*** Opening EXCERPTED DATA ***

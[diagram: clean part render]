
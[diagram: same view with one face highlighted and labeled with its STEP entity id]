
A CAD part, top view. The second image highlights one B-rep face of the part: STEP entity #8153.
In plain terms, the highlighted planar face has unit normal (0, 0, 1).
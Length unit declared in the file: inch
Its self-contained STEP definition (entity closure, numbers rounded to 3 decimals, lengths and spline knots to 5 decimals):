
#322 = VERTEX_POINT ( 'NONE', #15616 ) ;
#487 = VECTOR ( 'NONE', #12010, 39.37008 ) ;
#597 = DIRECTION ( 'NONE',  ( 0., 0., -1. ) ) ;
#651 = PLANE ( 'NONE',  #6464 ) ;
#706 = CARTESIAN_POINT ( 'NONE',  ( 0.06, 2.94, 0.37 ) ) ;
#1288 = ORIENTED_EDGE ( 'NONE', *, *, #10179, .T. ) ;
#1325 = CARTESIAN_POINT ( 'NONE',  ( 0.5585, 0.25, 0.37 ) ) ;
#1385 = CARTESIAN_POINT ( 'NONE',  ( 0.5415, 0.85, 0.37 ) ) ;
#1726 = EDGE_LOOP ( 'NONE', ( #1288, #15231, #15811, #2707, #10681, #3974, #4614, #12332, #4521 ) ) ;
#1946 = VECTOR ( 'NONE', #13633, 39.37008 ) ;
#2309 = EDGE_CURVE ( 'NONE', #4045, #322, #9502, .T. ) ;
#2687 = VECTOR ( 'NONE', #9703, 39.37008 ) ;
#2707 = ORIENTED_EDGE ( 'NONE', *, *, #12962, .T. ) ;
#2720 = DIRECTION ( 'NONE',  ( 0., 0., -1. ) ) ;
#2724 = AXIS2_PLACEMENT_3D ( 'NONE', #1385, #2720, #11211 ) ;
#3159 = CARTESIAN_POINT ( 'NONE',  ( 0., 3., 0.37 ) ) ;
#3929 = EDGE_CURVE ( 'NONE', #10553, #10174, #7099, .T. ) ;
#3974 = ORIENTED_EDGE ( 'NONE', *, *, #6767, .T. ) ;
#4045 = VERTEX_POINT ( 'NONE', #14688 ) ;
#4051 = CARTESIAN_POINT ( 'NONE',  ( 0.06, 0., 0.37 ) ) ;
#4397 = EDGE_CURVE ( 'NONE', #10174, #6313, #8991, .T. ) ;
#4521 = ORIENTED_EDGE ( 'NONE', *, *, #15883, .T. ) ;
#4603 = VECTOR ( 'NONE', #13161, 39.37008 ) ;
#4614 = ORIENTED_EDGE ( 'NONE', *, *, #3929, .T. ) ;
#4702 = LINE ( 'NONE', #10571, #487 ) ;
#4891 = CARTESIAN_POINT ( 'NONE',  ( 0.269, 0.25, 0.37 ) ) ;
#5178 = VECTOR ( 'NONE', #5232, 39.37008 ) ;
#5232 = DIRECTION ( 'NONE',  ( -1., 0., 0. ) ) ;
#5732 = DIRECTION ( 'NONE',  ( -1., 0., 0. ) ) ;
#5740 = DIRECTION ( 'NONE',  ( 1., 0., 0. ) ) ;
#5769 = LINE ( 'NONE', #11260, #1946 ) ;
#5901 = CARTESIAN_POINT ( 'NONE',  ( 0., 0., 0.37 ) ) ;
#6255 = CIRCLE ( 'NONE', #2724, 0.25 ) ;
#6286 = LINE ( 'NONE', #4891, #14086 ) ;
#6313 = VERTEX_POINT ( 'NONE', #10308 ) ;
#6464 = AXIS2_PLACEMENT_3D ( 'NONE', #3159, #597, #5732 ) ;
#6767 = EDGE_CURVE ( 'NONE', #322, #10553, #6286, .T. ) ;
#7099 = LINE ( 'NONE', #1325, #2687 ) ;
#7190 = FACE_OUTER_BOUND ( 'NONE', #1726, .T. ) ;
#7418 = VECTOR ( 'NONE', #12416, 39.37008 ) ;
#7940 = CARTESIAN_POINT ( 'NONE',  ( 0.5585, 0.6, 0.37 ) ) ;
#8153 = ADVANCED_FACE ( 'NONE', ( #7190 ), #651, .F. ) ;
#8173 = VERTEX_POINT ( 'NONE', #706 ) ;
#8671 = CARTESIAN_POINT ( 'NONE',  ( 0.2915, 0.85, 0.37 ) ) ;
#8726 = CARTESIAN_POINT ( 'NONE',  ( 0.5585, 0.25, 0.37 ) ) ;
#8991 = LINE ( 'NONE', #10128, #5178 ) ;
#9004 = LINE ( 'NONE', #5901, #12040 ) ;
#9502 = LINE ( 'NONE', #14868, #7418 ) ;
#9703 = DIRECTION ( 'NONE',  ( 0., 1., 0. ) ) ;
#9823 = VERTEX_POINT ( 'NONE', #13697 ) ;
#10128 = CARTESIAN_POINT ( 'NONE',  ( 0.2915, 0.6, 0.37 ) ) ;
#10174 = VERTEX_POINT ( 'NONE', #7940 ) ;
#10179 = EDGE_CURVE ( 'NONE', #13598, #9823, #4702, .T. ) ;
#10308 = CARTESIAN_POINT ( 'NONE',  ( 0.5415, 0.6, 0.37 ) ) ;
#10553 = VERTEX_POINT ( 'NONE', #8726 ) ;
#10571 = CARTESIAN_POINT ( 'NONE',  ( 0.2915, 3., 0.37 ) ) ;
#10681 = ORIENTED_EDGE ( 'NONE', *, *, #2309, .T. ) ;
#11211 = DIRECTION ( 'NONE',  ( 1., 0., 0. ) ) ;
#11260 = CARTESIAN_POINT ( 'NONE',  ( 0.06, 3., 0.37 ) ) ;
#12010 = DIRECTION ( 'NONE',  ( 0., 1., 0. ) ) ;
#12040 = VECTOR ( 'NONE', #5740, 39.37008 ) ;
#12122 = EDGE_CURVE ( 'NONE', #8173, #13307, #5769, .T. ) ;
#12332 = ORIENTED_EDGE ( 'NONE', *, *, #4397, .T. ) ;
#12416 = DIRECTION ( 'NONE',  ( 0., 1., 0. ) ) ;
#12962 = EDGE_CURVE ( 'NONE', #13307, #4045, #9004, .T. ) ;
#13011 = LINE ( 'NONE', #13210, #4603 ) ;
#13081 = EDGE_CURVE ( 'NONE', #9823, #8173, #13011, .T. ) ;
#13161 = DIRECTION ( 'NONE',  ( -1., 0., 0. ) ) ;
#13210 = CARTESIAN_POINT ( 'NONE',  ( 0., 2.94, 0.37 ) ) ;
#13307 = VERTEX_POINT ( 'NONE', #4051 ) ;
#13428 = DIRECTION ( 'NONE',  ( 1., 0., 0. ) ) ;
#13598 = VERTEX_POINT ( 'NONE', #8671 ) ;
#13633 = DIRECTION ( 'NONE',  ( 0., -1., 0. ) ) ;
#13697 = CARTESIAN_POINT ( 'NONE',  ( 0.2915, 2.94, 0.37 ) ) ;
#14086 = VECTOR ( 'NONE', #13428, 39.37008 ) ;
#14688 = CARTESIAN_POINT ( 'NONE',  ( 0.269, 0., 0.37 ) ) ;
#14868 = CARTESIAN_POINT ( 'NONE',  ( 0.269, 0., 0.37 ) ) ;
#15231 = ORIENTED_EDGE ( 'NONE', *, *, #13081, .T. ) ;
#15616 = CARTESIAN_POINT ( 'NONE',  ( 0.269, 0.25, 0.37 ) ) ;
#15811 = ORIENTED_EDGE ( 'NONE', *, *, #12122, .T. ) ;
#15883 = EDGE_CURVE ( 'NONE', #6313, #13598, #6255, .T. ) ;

*** Closing EXCERPTED DATA ***

*WHAT NEEDS TO BE DONE*
Please give each line above again, word for word.

*RESPONSE BELOW*
[diagram: clean part render]
[diagram: same view with one face highlighted and labeled with its STEP entity id]
A CAD part, top view. The second image highlights one B-rep face of the part: STEP entity #8153.
In plain terms, the highlighted planar face has unit normal (0, 0, 1).
Length unit declared in the file: inch
Its self-contained STEP definition (entity closure, numbers rounded to 3 decimals, lengths and spline knots to 5 decimals):
#322 = VERTEX_POINT ( 'NONE', #15616 ) ;
#487 = VECTOR ( 'NONE', #12010, 39.37008 ) ;
#597 = DIRECTION ( 'NONE',  ( 0., 0., -1. ) ) ;
#651 = PLANE ( 'NONE',  #6464 ) ;
#706 = CARTESIAN_POINT ( 'NONE',  ( 0.06, 2.94, 0.37 ) ) ;
#1288 = ORIENTED_EDGE ( 'NONE', *, *, #10179, .T. ) ;
#1325 = CARTESIAN_POINT ( 'NONE',  ( 0.5585, 0.25, 0.37 ) ) ;
#1385 = CARTESIAN_POINT ( 'NONE',  ( 0.5415, 0.85, 0.37 ) ) ;
#1726 = EDGE_LOOP ( 'NONE', ( #1288, #15231, #15811, #2707, #10681, #3974, #4614, #12332, #4521 ) ) ;
#1946 = VECTOR ( 'NONE', #13633, 39.37008 ) ;
#2309 = EDGE_CURVE ( 'NONE', #4045, #322, #9502, .T. ) ;
#2687 = VECTOR ( 'NONE', #9703, 39.37008 ) ;
#2707 = ORIENTED_EDGE ( 'NONE', *, *, #12962, .T. ) ;
#2720 = DIRECTION ( 'NONE',  ( 0., 0., -1. ) ) ;
#2724 = AXIS2_PLACEMENT_3D ( 'NONE', #1385, #2720, #11211 ) ;
#3159 = CARTESIAN_POINT ( 'NONE',  ( 0., 3., 0.37 ) ) ;
#3929 = EDGE_CURVE ( 'NONE', #10553, #10174, #7099, .T. ) ;
#3974 = ORIENTED_EDGE ( 'NONE', *, *, #6767, .T. ) ;
#4045 = VERTEX_POINT ( 'NONE', #14688 ) ;
#4051 = CARTESIAN_POINT ( 'NONE',  ( 0.06, 0., 0.37 ) ) ;
#4397 = EDGE_CURVE ( 'NONE', #10174, #6313, #8991, .T. ) ;
#4521 = ORIENTED_EDGE ( 'NONE', *, *, #15883, .T. ) ;
#4603 = VECTOR ( 'NONE', #13161, 39.37008 ) ;
#4614 = ORIENTED_EDGE ( 'NONE', *, *, #3929, .T. ) ;
#4702 = LINE ( 'NONE', #10571, #487 ) ;
#4891 = CARTESIAN_POINT ( 'NONE',  ( 0.269, 0.25, 0.37 ) ) ;
#5178 = VECTOR ( 'NONE', #5232, 39.37008 ) ;
#5232 = DIRECTION ( 'NONE',  ( -1., 0., 0. ) ) ;
#5732 = DIRECTION ( 'NONE',  ( -1., 0., 0. ) ) ;
#5740 = DIRECTION ( 'NONE',  ( 1., 0., 0. ) ) ;
#5769 = LINE ( 'NONE', #11260, #1946 ) ;
#5901 = CARTESIAN_POINT ( 'NONE',  ( 0., 0., 0.37 ) ) ;
#6255 = CIRCLE ( 'NONE', #2724, 0.25 ) ;
#6286 = LINE ( 'NONE', #4891, #14086 ) ;
#6313 = VERTEX_POINT ( 'NONE', #10308 ) ;
#6464 = AXIS2_PLACEMENT_3D ( 'NONE', #3159, #597, #5732 ) ;
#6767 = EDGE_CURVE ( 'NONE', #322, #10553, #6286, .T. ) ;
#7099 = LINE ( 'NONE', #1325, #2687 ) ;
#7190 = FACE_OUTER_BOUND ( 'NONE', #1726, .T. ) ;
#7418 = VECTOR ( 'NONE', #12416, 39.37008 ) ;
#7940 = CARTESIAN_POINT ( 'NONE',  ( 0.5585, 0.6, 0.37 ) ) ;
#8153 = ADVANCED_FACE ( 'NONE', ( #7190 ), #651, .F. ) ;
#8173 = VERTEX_POINT ( 'NONE', #706 ) ;
#8671 = CARTESIAN_POINT ( 'NONE',  ( 0.2915, 0.85, 0.37 ) ) ;
#8726 = CARTESIAN_POINT ( 'NONE',  ( 0.5585, 0.25, 0.37 ) ) ;
#8991 = LINE ( 'NONE', #10128, #5178 ) ;
#9004 = LINE ( 'NONE', #5901, #12040 ) ;
#9502 = LINE ( 'NONE', #14868, #7418 ) ;
#9703 = DIRECTION ( 'NONE',  ( 0., 1., 0. ) ) ;
#9823 = VERTEX_POINT ( 'NONE', #13697 ) ;
#10128 = CARTESIAN_POINT ( 'NONE',  ( 0.2915, 0.6, 0.37 ) ) ;
#10174 = VERTEX_POINT ( 'NONE', #7940 ) ;
#10179 = EDGE_CURVE ( 'NONE', #13598, #9823, #4702, .T. ) ;
#10308 = CARTESIAN_POINT ( 'NONE',  ( 0.5415, 0.6, 0.37 ) ) ;
#10553 = VERTEX_POINT ( 'NONE', #8726 ) ;
#10571 = CARTESIAN_POINT ( 'NONE',  ( 0.2915, 3., 0.37 ) ) ;
#10681 = ORIENTED_EDGE ( 'NONE', *, *, #2309, .T. ) ;
#11211 = DIRECTION ( 'NONE',  ( 1., 0., 0. ) ) ;
#11260 = CARTESIAN_POINT ( 'NONE',  ( 0.06, 3., 0.37 ) ) ;
#12010 = DIRECTION ( 'NONE',  ( 0., 1., 0. ) ) ;
#12040 = VECTOR ( 'NONE', #5740, 39.37008 ) ;
#12122 = EDGE_CURVE ( 'NONE', #8173, #13307, #5769, .T. ) ;
#12332 = ORIENTED_EDGE ( 'NONE', *, *, #4397, .T. ) ;
#12416 = DIRECTION ( 'NONE',  ( 0., 1., 0. ) ) ;
#12962 = EDGE_CURVE ( 'NONE', #13307, #4045, #9004, .T. ) ;
#13011 = LINE ( 'NONE', #13210, #4603 ) ;
#13081 = EDGE_CURVE ( 'NONE', #9823, #8173, #13011, .T. ) ;
#13161 = DIRECTION ( 'NONE',  ( -1., 0., 0. ) ) ;
#13210 = CARTESIAN_POINT ( 'NONE',  ( 0., 2.94, 0.37 ) ) ;
#13307 = VERTEX_POINT ( 'NONE', #4051 ) ;
#13428 = DIRECTION ( 'NONE',  ( 1., 0., 0. ) ) ;
#13598 = VERTEX_POINT ( 'NONE', #8671 ) ;
#13633 = DIRECTION ( 'NONE',  ( 0., -1., 0. ) ) ;
#13697 = CARTESIAN_POINT ( 'NONE',  ( 0.2915, 2.94, 0.37 ) ) ;
#14086 = VECTOR ( 'NONE', #13428, 39.37008 ) ;
#14688 = CARTESIAN_POINT ( 'NONE',  ( 0.269, 0., 0.37 ) ) ;
#14868 = CARTESIAN_POINT ( 'NONE',  ( 0.269, 0., 0.37 ) ) ;
#15231 = ORIENTED_EDGE ( 'NONE', *, *, #13081, .T. ) ;
#15616 = CARTESIAN_POINT ( 'NONE',  ( 0.269, 0.25, 0.37 ) ) ;
#15811 = ORIENTED_EDGE ( 'NONE', *, *, #12122, .T. ) ;
#15883 = EDGE_CURVE ( 'NONE', #6313, #13598, #6255, .T. ) ;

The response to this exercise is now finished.